2020-01-28t/v2reindex.t: 5.10.1 glob compatibility
I'm not sure when `for (<"quoted string/glob/*">)' became supported, and maybe it was inadvertant, but it fails with Perl 5.10.1. Just use the glob() function to be explicit.
2020-01-28t/hl_mod: document IO::Handle for autoflush
We don't need IO::File for this test, but IO::Handle is needed for ->autoflush with Perl <5.14. Note: I haven't tested highlight.pm under 5.10.1 since it's a weird dependency which isn't easy to install w/o distro support.
2020-01-28avoid relying on IO::Handle/IO::File autoload
Perl 5.14+ gained the ability to autoload IO::File (and IO::Handle) on missing methods, so relying on this breaks under 5.10.1. There's no reason to load IO::File or IO::Handle when built-in perlops work fine and are even a hair faster.
2020-01-28daemon: provide TCP_DEFER_ACCEPT for Perl <5.14
Socket::TCP_DEFER_ACCEPT() did not appear in the Socket module distributed with Perl until 5.14, despite it being available since Linux 2.4.
2020-01-27viewdiff: rewrite and simplify
Instead of going line-by-line, use split() with a giant regexp to capture groups of contiguous lines. This offloads state management to the regexp itself and makes it FAR easier to keep track of <span> and </span> pairings. Performance seems roughly on par after this change for the meta@public-inbox archives. It seems a tiny bit faster for git@vger with xt/perf-msgview.t, likely due to the longer messages and larger contiguous groups of lines having the same prefix (or no prefix at all) and drastically reduces the number of subroutine calls and Perl ops executed.
2020-01-27viewdiff: use autovivification for long_path hash
No sense in wasting code to do something the interpreter already does for us.
2020-01-27viewdiff: add "b=" param when missing "diff --git" line
<2841d2de-32ad-eae8-6039-9251a40bb00e@tngtech.com> as posted to git@vger contained an otherwise valid diff without a "diff --git" line.
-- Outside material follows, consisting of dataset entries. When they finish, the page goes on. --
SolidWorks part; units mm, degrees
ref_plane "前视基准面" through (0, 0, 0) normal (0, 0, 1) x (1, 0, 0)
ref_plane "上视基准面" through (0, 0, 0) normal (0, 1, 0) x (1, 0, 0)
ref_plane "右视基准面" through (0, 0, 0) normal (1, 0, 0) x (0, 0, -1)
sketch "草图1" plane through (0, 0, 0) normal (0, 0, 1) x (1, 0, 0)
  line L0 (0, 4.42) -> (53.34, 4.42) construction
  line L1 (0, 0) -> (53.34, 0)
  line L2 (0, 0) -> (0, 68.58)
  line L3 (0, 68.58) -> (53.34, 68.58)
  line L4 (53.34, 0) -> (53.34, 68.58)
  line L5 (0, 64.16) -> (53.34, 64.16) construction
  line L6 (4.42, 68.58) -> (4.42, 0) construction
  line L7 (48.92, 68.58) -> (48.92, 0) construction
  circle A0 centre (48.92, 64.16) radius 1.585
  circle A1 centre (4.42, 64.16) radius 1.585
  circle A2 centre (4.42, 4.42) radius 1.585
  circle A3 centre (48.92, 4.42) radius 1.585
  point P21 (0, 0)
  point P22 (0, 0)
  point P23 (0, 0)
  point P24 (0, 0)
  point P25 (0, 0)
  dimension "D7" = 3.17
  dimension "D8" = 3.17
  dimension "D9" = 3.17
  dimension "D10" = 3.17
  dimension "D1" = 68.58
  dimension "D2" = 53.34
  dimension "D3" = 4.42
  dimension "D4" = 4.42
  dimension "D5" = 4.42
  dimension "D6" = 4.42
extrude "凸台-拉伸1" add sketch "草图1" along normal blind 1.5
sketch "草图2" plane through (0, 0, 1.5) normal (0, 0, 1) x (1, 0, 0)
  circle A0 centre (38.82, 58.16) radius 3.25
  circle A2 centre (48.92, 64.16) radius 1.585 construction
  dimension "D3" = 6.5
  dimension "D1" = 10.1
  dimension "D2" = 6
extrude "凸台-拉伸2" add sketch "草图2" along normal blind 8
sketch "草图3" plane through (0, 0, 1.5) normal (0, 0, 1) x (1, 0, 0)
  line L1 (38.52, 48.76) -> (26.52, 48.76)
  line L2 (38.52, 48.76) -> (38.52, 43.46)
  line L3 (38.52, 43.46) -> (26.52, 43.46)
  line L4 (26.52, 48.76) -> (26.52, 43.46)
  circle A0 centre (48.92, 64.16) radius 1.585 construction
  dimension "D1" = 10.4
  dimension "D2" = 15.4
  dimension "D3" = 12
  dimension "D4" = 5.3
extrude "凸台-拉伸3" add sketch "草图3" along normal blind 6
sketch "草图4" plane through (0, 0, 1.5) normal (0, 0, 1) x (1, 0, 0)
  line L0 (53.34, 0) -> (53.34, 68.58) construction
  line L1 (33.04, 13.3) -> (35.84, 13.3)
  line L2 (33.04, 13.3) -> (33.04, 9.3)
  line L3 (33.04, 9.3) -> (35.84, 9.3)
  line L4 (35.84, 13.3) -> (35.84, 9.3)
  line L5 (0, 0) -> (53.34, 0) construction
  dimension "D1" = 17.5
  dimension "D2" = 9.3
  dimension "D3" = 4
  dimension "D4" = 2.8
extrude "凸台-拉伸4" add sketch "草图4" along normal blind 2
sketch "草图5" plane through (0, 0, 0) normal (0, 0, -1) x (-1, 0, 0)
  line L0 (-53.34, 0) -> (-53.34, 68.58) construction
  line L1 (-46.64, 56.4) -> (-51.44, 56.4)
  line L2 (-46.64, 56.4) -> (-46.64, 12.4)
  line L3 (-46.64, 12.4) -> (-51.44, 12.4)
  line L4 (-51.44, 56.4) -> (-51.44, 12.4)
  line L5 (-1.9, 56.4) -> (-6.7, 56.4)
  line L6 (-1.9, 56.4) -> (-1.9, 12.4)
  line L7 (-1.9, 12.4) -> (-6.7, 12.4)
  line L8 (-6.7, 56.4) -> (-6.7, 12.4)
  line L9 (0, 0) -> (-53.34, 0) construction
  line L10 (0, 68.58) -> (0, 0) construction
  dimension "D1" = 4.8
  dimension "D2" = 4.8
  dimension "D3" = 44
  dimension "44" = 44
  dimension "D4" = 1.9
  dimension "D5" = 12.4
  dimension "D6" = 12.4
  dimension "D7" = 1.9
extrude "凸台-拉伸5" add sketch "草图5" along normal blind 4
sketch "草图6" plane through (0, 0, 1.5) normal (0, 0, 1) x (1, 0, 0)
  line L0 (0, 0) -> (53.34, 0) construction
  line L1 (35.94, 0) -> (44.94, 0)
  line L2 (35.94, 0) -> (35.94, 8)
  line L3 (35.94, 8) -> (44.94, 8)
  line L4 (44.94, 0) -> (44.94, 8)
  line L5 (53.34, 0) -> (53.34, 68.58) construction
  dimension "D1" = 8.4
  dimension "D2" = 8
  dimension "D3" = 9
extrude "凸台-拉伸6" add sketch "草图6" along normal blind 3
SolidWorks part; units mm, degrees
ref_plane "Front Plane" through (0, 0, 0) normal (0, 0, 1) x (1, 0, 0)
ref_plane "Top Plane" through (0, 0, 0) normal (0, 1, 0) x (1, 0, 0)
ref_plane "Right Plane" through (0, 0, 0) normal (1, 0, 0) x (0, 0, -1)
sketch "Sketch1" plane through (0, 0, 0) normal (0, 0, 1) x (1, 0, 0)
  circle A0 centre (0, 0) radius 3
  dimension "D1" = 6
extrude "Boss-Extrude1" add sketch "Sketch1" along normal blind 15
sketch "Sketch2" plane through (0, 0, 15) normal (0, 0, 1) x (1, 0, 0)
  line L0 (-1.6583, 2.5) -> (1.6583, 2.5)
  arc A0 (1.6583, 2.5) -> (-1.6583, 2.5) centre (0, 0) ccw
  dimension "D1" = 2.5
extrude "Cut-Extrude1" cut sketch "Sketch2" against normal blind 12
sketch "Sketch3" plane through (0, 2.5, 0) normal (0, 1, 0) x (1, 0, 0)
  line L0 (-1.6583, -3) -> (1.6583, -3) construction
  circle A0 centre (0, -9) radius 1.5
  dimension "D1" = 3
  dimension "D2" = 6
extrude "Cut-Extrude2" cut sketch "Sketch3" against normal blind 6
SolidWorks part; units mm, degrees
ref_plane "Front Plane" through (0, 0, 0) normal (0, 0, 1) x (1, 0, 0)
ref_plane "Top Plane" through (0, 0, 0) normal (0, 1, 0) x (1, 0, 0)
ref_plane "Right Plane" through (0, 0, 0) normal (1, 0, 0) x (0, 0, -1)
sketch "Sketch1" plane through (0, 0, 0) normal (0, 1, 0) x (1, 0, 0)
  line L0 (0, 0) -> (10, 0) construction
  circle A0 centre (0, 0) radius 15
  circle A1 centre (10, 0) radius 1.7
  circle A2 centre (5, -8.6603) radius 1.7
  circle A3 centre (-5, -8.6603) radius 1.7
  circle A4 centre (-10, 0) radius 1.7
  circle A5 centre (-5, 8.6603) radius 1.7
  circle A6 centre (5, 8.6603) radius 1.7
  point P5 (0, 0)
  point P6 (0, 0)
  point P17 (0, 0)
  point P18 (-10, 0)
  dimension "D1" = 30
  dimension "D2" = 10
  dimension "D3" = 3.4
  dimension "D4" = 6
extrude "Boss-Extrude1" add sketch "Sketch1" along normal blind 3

Generate a "b=" parameter in that case using the "+++" line instead of the "diff --git" line. SearchIdx.pm no longer uses the "diff --git" line for filename information, either.
2020-01-27viewdiff: add "b=" param with non-standard diff prefix
<20180228012207.GB251290@aiede.svl.corp.google.com> (posted to git@vger) uses "i" and "w" prefixes instead of the standard "a" and "b" prefixes, ensure we emit a "b=$FILENAME" param for the solver endpoint to improve search accuracy, syntax highlighting, and information density in the URL itself.
2020-01-27searchidx: don't assume "a/" and "b/" as prefixes
Some people use "--{src,dst}-prefix=", try to deal with those since git-apply can handle them when called by solver.
2020-01-27searchidx: skip filenames on "diff --git ..."
We already capture filenames on the lines beginning with "---" and "+++", so it's redundant work to capture filenames from "diff --git ..." lines.
2020-01-27linkify: move to_html over from ViewDiff
We use the same idiom in many places for doing two-step linkification and HTML escaping. Get rid of an outdated comment in flush_quote while we're at it.
2020-01-27linkify: compile $LINK_RE once
This gives a 3-4% performance improvement in xt/perf-msgview.t with a mirror of https://public-inbox.org/meta/
2020-01-27view: inline and eliminate msg_html
No need to keep the old sub around, anymore. Rename auxiliary subs to "msg_page_*" instead of the "html" version.
2020-01-27xt/perf-msgview: switch to multipart_text_as_html
It's a more widely-used (but still internal) API which will probably last longer than msg_html. It also reaches deeper into the stack and avoids the overhead of ->getline via PSGI, so it's faster and gives a more accurate measurement of lower-level parts.
2020-01-27tests: move the majority of t/view.t into t/plack.t
And some more into t/mid.t. PublicInbox::View::msg_html may change internally, so lets rely on the stable PSGI interface to test it, rather than a test which reaches deep into the internals.
2020-01-27init: use Import::run_die instead of system()
We already load PublicInbox::Import via PublicInbox::InboxWritable, so it's not an extra module to load. This can give us a slight speedup in tests.
2020-01-27t/plack.t: modernize and unindent
This test will be expanded, and we can take advantage of run_script to simplify our internal API use.